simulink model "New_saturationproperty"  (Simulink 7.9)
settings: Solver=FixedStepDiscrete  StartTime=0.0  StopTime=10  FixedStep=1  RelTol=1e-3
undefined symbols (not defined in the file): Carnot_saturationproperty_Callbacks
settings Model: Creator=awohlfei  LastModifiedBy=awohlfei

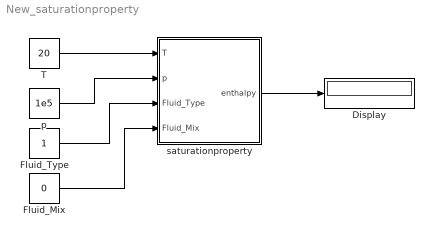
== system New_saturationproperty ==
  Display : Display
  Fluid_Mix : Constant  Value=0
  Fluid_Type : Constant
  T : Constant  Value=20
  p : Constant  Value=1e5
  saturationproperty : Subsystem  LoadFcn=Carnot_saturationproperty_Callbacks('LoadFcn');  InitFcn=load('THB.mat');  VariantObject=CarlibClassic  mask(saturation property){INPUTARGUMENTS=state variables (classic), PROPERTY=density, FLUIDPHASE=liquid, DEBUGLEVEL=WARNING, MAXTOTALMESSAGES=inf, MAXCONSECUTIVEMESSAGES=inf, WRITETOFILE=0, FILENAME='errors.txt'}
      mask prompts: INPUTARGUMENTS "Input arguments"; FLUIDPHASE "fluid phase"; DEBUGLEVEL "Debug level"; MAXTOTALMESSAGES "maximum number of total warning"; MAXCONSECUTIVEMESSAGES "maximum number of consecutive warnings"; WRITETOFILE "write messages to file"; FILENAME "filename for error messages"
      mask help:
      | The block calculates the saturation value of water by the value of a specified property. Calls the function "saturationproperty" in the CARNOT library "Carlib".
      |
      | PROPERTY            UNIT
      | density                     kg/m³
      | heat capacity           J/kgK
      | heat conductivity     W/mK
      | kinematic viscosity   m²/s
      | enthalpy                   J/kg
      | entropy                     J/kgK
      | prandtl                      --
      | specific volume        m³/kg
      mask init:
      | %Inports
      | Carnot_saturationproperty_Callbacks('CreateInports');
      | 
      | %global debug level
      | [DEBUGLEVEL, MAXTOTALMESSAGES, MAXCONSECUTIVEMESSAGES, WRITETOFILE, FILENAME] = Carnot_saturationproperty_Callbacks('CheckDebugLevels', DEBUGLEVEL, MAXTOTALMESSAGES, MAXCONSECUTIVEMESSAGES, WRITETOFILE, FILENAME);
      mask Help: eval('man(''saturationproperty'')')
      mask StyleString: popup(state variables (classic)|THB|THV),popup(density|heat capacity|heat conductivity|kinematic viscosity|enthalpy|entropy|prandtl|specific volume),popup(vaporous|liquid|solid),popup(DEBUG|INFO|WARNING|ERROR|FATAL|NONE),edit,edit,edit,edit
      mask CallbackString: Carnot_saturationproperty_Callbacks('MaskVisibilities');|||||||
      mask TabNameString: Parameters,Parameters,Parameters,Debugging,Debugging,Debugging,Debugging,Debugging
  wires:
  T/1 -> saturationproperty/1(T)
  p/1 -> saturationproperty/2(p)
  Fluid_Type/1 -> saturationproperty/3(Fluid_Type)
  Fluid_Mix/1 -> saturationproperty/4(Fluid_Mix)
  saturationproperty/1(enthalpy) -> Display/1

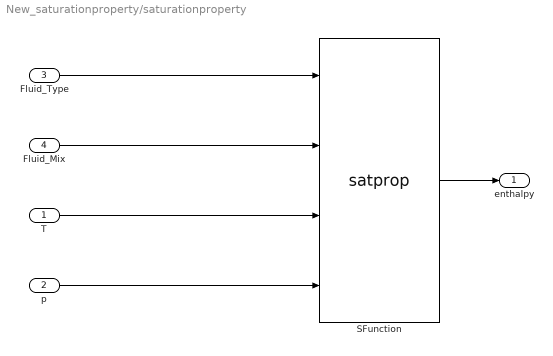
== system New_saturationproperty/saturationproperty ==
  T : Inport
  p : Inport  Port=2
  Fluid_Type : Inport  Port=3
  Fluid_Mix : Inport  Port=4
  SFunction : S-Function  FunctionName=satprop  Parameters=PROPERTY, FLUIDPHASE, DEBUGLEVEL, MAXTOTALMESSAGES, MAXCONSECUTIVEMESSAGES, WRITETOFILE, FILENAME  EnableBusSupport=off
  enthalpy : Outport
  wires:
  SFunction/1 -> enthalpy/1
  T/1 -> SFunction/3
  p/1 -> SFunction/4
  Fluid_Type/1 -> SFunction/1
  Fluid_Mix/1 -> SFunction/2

+--

▸ WHAT YOU WILL DO:
Without the pictures, give the entries above back exactly.

▸ EXERCISE SOLUTION:
simulink model "New_saturationproperty"  (Simulink 7.9)
settings: Solver=FixedStepDiscrete  StartTime=0.0  StopTime=10  FixedStep=1  RelTol=1e-3
undefined symbols (not defined in the file): Carnot_saturationproperty_Callbacks
settings Model: Creator=awohlfei  LastModifiedBy=awohlfei

== system New_saturationproperty ==
  Display : Display
  Fluid_Mix : Constant  Value=0
  Fluid_Type : Constant
  T : Constant  Value=20
  p : Constant  Value=1e5
  saturationproperty : Subsystem  LoadFcn=Carnot_saturationproperty_Callbacks('LoadFcn');  InitFcn=load('THB.mat');  VariantObject=CarlibClassic  mask(saturation property){INPUTARGUMENTS=state variables (classic), PROPERTY=density, FLUIDPHASE=liquid, DEBUGLEVEL=WARNING, MAXTOTALMESSAGES=inf, MAXCONSECUTIVEMESSAGES=inf, WRITETOFILE=0, FILENAME='errors.txt'}
      mask prompts: INPUTARGUMENTS "Input arguments"; FLUIDPHASE "fluid phase"; DEBUGLEVEL "Debug level"; MAXTOTALMESSAGES "maximum number of total warning"; MAXCONSECUTIVEMESSAGES "maximum number of consecutive warnings"; WRITETOFILE "write messages to file"; FILENAME "filename for error messages"
      mask help:
      | The block calculates the saturation value of water by the value of a specified property. Calls the function "saturationproperty" in the CARNOT library "Carlib".
      |
      | PROPERTY            UNIT
      | density                     kg/m³
      | heat capacity           J/kgK
      | heat conductivity     W/mK
      | kinematic viscosity   m²/s
      | enthalpy                   J/kg
      | entropy                     J/kgK
      | prandtl                      --
      | specific volume        m³/kg
      mask init:
      | %Inports
      | Carnot_saturationproperty_Callbacks('CreateInports');
      | 
      | %global debug level
      | [DEBUGLEVEL, MAXTOTALMESSAGES, MAXCONSECUTIVEMESSAGES, WRITETOFILE, FILENAME] = Carnot_saturationproperty_Callbacks('CheckDebugLevels', DEBUGLEVEL, MAXTOTALMESSAGES, MAXCONSECUTIVEMESSAGES, WRITETOFILE, FILENAME);
      mask Help: eval('man(''saturationproperty'')')
      mask StyleString: popup(state variables (classic)|THB|THV),popup(density|heat capacity|heat conductivity|kinematic viscosity|enthalpy|entropy|prandtl|specific volume),popup(vaporous|liquid|solid),popup(DEBUG|INFO|WARNING|ERROR|FATAL|NONE),edit,edit,edit,edit
      mask CallbackString: Carnot_saturationproperty_Callbacks('MaskVisibilities');|||||||
      mask TabNameString: Parameters,Parameters,Parameters,Debugging,Debugging,Debugging,Debugging,Debugging
  wires:
  T/1 -> saturationproperty/1(T)
  p/1 -> saturationproperty/2(p)
  Fluid_Type/1 -> saturationproperty/3(Fluid_Type)
  Fluid_Mix/1 -> saturationproperty/4(Fluid_Mix)
  saturationproperty/1(enthalpy) -> Display/1

== system New_saturationproperty/saturationproperty ==
  T : Inport
  p : Inport  Port=2
  Fluid_Type : Inport  Port=3
  Fluid_Mix : Inport  Port=4
  SFunction : S-Function  FunctionName=satprop  Parameters=PROPERTY, FLUIDPHASE, DEBUGLEVEL, MAXTOTALMESSAGES, MAXCONSECUTIVEMESSAGES, WRITETOFILE, FILENAME  EnableBusSupport=off
  enthalpy : Outport
  wires:
  SFunction/1 -> enthalpy/1
  T/1 -> SFunction/3
  p/1 -> SFunction/4
  Fluid_Type/1 -> SFunction/1
  Fluid_Mix/1 -> SFunction/2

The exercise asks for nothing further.